The difference in these two energies will be equal to the loss in potential energy of the weight.
So, natural length = $\frac{40a}{21}$
Length once stretched over the diameter is $2a =\frac{42a}{21}$
and so extension due to this is $\frac{2a}{21}$ and so the elastic potential energy in the string due to only the stretching over the diameter is $\frac{\lambda(\frac{2}{21})^2a^2}{2*\frac{40}{21}a}=\frac{4}{441}\lambda a*\frac{21}{80}$
I'll leave it in this form for convenience later on.
Ok. from the diagram:
$x\,cos\,30+y\,cos\,60=2a$ therefore
$\frac{\sqrt{3}}{2}x+\frac{y}{2}=2a$ therefore
$\sqrt{3}x+y=4a$ call this equation 1
also
$h=x\,cos\,60=\frac{x}{2}$ and $h=y\,cos\,30=\frac{\sqrt{3}}{2}y$
and so $x=2h$ and $y=\frac{2h}{\sqrt{3}}$
And so, from equation 1, we have
$2\sqrt{3}h+\frac{2h}{\sqrt{3}}=4a$ therefore
h = $\frac{\sqrt{3}a}{2}$
and so
$x=\sqrt{3}a$ and $y=\frac{2}{\sqrt{3}}*\frac{\sqrt{3}}{2}a=a$
So the new length, due to stretching over diameter AND falling of weight = $a(1+\sqrt{3})$
So the extension is now:
$a(1+\sqrt{3})-\frac{40a}{21} = (\sqrt{3}-\frac{19}{21})a$
So energy now stored in string is:
$\frac{\lambda(\sqrt{3}-\frac{19}{21})^2a^2}{2\frac{40a}{21}}$ = $\frac{21}{80}\lambda(\sqrt{3}-\frac{19}{21})^2a$
So, the change in elastic potential energy in going from just stretched across the diameter to streched across the diameter AND having the weight fallen is:
$\frac{21}{80}\lambda a[(\sqrt{3}-\frac{19}{21})^2-\frac{4}{441}]$
and this can be equated to the loss in gravitational potential energy of the weight W giving:
$\frac{21}{80}\lambda a[(\sqrt{3}-\frac{19}{21})^2-\frac{4}{441}]=wh=\frac{\sqrt{3}}{2}wa$
So I have $\lambda$ in terms of w BUT I do not have $\lambda=w$
Is my physical reasoning incorrect?
If not, have I made a mathematical mistake(s)?
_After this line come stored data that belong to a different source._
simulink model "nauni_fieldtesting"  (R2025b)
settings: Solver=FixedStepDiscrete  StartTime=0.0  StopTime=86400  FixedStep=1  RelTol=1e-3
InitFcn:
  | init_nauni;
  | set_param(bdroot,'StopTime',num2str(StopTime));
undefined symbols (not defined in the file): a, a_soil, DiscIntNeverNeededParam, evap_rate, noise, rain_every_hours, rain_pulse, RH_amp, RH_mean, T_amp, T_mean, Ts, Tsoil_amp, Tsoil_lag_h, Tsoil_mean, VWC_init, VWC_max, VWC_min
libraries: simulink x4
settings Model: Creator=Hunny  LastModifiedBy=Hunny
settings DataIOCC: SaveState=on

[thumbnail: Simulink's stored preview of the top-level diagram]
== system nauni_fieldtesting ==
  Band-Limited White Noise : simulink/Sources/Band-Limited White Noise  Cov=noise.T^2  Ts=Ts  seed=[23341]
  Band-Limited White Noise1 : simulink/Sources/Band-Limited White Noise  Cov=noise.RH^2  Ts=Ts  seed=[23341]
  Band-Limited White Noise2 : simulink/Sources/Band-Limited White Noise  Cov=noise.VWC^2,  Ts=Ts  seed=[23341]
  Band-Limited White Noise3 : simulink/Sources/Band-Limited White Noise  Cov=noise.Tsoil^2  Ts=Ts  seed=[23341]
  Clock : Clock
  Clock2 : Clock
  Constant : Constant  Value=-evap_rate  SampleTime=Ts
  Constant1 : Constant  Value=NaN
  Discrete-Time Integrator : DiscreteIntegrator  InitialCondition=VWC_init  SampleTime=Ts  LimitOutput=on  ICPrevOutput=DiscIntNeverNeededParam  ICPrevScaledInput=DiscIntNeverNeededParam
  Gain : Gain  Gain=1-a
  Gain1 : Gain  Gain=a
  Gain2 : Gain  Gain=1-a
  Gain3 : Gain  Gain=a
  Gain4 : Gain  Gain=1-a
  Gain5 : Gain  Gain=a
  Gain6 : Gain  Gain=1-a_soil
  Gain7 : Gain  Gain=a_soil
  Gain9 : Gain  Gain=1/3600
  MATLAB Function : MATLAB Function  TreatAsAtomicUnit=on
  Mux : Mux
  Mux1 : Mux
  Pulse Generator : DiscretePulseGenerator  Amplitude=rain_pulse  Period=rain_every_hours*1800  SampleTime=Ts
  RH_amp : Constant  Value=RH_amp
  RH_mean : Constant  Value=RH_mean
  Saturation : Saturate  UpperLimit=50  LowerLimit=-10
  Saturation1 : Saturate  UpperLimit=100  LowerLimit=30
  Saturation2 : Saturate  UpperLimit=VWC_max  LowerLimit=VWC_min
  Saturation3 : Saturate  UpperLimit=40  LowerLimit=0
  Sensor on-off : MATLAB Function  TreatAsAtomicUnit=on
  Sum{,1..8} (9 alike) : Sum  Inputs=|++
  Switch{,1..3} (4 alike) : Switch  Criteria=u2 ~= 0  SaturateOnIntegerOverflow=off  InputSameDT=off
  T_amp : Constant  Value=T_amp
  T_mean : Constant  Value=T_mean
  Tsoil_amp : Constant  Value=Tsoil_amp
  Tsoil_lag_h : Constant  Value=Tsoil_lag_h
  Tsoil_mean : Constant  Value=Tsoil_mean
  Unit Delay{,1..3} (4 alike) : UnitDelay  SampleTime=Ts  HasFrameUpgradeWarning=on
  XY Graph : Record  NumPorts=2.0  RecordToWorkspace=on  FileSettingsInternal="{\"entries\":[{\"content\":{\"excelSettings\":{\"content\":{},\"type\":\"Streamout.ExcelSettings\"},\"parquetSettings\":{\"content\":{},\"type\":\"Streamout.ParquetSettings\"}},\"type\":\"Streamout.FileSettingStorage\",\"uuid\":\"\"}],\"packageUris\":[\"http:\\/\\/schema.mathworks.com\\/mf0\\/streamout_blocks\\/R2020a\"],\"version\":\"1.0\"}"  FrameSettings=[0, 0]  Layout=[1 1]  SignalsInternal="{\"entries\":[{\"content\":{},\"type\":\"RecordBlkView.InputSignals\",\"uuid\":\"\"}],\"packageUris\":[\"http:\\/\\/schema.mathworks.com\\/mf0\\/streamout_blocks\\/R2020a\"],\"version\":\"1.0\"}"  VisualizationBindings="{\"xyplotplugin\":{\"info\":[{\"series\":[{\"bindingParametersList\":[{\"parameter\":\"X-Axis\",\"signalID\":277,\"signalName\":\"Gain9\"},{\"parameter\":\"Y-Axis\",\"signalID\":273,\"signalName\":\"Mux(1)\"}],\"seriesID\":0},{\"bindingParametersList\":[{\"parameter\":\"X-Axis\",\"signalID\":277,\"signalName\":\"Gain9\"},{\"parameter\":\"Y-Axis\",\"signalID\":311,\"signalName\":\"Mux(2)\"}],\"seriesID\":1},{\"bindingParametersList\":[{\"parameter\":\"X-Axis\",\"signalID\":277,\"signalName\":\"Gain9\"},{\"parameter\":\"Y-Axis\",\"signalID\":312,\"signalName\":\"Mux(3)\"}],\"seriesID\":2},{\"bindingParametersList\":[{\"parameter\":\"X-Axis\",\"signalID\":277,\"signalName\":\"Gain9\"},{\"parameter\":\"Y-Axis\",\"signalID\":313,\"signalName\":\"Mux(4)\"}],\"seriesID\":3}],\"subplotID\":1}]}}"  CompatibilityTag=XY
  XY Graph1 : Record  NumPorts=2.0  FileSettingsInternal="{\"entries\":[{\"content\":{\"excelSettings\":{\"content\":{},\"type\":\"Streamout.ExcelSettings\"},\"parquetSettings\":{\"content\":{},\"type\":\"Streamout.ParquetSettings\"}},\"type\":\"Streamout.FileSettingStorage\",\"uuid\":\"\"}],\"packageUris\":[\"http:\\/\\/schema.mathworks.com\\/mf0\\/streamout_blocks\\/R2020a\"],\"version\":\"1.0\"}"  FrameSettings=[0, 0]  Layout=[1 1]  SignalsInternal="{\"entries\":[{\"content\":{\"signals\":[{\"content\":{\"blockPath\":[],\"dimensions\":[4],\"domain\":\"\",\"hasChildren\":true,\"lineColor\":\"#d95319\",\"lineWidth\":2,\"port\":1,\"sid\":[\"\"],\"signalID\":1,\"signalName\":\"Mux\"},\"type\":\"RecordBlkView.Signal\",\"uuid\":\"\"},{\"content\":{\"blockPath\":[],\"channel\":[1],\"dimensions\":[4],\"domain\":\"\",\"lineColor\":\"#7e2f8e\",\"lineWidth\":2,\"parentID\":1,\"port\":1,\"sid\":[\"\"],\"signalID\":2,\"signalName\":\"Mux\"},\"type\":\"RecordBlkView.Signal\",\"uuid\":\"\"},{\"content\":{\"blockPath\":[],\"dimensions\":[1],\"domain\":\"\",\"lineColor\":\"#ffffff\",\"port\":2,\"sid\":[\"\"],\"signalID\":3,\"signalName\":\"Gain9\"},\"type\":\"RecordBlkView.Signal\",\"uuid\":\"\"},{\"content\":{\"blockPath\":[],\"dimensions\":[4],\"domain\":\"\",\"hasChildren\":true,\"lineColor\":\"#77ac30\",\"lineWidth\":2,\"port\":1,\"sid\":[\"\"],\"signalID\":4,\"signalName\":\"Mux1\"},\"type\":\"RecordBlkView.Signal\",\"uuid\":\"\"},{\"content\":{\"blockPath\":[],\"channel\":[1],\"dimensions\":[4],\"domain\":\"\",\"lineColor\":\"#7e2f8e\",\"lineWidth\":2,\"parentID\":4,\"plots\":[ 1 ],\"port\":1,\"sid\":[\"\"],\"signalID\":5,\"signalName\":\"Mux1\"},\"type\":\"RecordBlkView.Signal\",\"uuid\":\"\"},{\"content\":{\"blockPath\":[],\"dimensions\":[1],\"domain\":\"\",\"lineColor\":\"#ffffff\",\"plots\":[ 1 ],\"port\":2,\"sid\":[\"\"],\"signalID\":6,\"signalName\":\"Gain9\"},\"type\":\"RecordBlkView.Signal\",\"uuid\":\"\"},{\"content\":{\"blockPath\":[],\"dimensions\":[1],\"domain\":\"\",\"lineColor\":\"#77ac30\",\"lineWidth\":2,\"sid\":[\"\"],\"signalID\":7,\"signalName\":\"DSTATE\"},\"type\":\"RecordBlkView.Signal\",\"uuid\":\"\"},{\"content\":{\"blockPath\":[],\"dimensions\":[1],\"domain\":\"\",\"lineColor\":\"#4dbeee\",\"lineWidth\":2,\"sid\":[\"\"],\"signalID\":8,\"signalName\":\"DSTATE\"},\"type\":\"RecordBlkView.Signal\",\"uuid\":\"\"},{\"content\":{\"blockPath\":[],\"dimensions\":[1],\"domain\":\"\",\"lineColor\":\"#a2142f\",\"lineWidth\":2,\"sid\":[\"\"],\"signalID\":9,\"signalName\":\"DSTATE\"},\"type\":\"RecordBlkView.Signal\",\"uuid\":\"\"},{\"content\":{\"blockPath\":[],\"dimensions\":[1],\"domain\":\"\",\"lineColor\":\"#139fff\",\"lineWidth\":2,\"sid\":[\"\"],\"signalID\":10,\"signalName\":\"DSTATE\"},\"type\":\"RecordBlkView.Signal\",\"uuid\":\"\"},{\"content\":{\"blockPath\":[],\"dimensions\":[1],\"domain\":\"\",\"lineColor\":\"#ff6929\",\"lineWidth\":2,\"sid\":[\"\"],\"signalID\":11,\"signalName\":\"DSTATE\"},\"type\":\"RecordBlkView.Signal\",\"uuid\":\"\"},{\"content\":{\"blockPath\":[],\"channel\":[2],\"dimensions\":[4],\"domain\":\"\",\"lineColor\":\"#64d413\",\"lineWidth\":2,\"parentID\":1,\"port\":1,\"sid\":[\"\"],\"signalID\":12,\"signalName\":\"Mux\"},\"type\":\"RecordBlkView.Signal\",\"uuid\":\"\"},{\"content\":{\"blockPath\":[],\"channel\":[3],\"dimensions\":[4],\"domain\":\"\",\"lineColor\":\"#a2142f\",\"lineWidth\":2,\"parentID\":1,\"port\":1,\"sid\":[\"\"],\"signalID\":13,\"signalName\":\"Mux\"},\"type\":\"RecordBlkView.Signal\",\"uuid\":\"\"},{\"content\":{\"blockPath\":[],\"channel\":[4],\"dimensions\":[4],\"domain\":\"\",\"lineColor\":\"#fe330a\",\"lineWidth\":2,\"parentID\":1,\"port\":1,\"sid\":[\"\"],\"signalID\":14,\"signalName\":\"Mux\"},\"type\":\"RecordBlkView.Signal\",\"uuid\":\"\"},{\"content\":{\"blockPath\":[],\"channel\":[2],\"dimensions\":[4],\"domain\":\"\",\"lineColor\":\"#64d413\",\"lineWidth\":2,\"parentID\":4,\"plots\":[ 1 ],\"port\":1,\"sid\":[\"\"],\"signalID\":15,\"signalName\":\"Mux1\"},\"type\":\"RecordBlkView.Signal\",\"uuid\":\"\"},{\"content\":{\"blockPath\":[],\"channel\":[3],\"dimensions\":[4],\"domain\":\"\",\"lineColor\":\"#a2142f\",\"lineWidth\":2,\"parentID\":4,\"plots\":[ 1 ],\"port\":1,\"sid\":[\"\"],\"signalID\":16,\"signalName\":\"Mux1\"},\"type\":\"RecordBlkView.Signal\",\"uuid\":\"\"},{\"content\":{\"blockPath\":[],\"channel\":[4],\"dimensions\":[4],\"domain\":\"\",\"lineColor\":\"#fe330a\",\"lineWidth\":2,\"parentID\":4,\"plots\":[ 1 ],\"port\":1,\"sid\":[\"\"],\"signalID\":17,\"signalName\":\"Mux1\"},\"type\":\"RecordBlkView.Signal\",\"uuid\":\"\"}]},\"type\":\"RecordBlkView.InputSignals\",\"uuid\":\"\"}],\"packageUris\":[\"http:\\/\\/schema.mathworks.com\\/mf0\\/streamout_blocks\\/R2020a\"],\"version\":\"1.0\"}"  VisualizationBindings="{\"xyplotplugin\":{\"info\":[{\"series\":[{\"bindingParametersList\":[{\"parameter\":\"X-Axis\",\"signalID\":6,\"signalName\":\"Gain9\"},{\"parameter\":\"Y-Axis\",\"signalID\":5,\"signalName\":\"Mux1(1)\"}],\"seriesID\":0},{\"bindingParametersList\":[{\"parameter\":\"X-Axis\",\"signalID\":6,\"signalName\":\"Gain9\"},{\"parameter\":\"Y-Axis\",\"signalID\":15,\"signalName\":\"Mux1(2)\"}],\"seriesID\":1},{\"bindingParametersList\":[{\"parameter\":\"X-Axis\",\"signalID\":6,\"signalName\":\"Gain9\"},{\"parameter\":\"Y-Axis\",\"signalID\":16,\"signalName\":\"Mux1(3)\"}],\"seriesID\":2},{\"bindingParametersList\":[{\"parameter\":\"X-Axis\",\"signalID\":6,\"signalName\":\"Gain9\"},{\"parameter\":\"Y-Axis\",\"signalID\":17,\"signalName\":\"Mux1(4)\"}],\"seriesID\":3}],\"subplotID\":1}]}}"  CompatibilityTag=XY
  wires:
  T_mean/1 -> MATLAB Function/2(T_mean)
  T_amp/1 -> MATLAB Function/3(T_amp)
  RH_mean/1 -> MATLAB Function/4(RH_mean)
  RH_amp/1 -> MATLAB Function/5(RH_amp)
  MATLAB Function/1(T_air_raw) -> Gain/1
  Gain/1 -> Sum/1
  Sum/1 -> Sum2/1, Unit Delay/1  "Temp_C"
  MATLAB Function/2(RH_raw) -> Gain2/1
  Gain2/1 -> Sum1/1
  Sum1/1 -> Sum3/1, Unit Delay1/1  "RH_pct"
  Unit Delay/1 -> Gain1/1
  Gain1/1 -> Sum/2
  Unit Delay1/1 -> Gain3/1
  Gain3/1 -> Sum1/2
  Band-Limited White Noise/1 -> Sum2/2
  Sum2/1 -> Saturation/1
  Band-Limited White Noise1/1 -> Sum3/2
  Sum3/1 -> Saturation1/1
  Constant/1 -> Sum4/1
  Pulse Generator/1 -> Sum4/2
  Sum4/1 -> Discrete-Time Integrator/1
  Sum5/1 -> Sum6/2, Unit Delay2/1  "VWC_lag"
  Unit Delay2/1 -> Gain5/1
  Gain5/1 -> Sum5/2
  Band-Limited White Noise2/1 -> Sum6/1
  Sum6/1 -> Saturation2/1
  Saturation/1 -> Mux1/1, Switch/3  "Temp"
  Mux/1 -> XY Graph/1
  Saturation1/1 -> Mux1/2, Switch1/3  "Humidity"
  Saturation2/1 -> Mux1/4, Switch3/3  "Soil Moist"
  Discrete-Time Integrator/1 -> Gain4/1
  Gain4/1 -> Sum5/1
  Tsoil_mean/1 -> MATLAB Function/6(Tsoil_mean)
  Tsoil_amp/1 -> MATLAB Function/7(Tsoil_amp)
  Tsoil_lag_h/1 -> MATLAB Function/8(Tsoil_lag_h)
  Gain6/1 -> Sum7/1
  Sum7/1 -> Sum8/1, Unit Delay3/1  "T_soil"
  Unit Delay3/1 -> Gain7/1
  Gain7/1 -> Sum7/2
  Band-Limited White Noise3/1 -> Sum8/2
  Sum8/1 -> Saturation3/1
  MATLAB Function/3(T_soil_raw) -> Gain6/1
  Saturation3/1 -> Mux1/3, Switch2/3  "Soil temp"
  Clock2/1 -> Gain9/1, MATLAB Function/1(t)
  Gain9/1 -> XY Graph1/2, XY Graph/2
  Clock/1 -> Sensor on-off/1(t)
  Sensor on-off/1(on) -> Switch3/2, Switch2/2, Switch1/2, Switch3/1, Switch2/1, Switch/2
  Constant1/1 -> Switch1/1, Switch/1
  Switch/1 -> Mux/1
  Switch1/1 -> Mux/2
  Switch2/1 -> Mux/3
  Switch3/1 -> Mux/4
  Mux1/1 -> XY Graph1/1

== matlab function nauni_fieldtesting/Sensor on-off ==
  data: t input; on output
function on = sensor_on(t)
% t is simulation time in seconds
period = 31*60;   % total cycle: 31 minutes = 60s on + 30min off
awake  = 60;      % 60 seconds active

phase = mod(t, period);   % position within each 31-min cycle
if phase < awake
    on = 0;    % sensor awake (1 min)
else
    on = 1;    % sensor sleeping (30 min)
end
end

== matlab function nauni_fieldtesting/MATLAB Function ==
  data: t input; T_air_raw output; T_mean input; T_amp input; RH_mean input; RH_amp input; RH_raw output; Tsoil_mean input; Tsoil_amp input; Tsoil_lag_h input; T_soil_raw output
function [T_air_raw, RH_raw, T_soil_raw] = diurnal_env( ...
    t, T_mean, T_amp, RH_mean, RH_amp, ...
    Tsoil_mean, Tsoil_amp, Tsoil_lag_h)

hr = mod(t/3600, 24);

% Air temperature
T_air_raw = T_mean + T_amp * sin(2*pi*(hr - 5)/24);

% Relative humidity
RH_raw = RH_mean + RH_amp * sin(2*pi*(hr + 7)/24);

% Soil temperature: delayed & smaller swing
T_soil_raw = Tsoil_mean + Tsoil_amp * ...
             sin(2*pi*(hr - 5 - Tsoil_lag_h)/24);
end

Thanks for any help, Mitch.
Assuming the Hooke's law
$$ F = \lambda\left(\frac{l-l_0}{l_0}\right) $$
Calling
$$ |AC|_0 = a\frac 43\\ |CB|_0 = a\frac 47\\ |AC| = 2a\sin(\frac{\pi}{3})\\ |CB| = 2a\sin(\frac{\pi}{6})\\ F_{AC} = \lambda\left(\frac{|AC|-|AC|_0}{|AC|_0}\right)(-\cos(\frac{\pi}{6}),\sin(\frac{\pi}{6}))\\ F_{CB} = \lambda \left(\frac{|CB|-|CB|_0}{|CB|_0}\right)(\cos(\frac{\pi}{3}),\sin(\frac{\pi}{3}))\\ R = r(-\cos(\frac{\pi}{3}),\sin(\frac{\pi}{3}))\\ W = w(0,-1) $$
we have in equilibrium
$$ F_{AC}+F_{CB}+R+W=0 $$
or
$$ \left\{ \begin{array}{c} -\frac{3 \sqrt{3} \left(\sqrt{3} a-\frac{4 a}{3}\right) \lambda }{8 a}+\frac{3 \lambda }{8}-\frac{r}{2}=0 \\ \frac{3 \left(\sqrt{3} a-\frac{4 a}{3}\right) \lambda }{8 a}+\frac{3 \sqrt{3} \lambda }{8}+\frac{\sqrt{3} r}{2}-w=0 \\ \end{array} \right. $$
now solving for $\lambda, r$ we have
$$ \begin{array}{c} r=\left(\sqrt{3}-\frac{3}{2}\right) w \\ \lambda =w \\ \end{array} $$
NOTE
$R = $ normal surface reaction force
$\lambda = $ string elastic modulus.
$|\cdot| = $ stretched lenght
$|\cdot|_0 = $ unstrectched length.